Items from a data source
+++++

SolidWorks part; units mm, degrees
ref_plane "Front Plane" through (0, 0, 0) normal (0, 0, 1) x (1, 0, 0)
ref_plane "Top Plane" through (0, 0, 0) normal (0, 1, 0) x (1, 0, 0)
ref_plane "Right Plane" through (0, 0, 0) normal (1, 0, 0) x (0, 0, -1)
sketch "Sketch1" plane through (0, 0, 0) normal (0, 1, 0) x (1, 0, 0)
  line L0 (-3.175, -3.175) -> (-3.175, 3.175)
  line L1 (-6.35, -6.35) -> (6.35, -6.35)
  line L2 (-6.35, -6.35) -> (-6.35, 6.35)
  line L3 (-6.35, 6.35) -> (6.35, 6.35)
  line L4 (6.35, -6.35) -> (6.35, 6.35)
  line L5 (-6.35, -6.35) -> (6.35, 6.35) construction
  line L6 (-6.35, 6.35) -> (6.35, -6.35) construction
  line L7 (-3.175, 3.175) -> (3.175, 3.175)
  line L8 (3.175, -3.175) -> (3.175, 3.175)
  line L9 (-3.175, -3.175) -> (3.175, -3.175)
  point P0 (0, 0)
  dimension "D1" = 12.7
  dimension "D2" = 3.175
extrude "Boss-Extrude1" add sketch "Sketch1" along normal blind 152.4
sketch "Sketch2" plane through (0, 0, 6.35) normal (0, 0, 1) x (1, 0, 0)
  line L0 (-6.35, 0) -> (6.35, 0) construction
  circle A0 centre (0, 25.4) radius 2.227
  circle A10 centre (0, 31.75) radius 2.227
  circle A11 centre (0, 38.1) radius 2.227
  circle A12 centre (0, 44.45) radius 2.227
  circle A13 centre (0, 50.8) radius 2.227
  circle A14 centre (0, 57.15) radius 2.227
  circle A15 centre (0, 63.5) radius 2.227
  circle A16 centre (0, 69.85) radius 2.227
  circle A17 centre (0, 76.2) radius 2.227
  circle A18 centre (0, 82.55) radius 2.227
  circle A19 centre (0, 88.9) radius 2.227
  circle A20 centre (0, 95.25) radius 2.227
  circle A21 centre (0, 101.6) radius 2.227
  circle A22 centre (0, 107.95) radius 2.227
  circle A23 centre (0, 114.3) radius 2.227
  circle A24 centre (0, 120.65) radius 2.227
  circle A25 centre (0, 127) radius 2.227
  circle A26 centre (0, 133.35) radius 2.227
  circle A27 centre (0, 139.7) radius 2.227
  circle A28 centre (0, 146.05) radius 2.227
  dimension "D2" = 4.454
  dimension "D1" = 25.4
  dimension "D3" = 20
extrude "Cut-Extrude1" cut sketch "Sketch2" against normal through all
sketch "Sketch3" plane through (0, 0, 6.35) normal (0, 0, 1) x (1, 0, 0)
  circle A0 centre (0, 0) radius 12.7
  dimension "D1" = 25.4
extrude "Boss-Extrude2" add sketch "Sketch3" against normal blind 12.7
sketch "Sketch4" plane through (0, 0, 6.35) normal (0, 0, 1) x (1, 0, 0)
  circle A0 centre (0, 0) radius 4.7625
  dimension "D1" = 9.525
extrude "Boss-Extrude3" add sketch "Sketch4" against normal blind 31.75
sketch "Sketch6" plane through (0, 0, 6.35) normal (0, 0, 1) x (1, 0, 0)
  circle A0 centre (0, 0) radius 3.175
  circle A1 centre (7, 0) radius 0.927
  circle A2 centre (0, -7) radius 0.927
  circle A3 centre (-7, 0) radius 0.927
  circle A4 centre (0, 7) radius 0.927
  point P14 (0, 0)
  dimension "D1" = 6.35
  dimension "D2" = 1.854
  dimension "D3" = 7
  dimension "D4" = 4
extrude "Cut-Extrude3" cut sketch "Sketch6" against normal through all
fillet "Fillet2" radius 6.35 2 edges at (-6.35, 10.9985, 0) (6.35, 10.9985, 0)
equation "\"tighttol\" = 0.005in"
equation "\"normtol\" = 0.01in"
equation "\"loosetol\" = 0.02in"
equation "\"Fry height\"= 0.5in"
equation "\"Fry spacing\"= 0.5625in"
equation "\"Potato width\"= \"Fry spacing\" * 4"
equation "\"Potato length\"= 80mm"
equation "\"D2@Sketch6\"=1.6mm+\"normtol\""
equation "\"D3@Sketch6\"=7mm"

+++++

WORK REQUEST: Please transcribe the data above without changes, from its first line to its "line L1 (-6.35, -6.35) -> (6.35, -6.35)" line, and leave out anything past that.

EXPECTED ANSWER:
SolidWorks part; units mm, degrees
ref_plane "Front Plane" through (0, 0, 0) normal (0, 0, 1) x (1, 0, 0)
ref_plane "Top Plane" through (0, 0, 0) normal (0, 1, 0) x (1, 0, 0)
ref_plane "Right Plane" through (0, 0, 0) normal (1, 0, 0) x (0, 0, -1)
sketch "Sketch1" plane through (0, 0, 0) normal (0, 1, 0) x (1, 0, 0)
  line L0 (-3.175, -3.175) -> (-3.175, 3.175)
  line L1 (-6.35, -6.35) -> (6.35, -6.35)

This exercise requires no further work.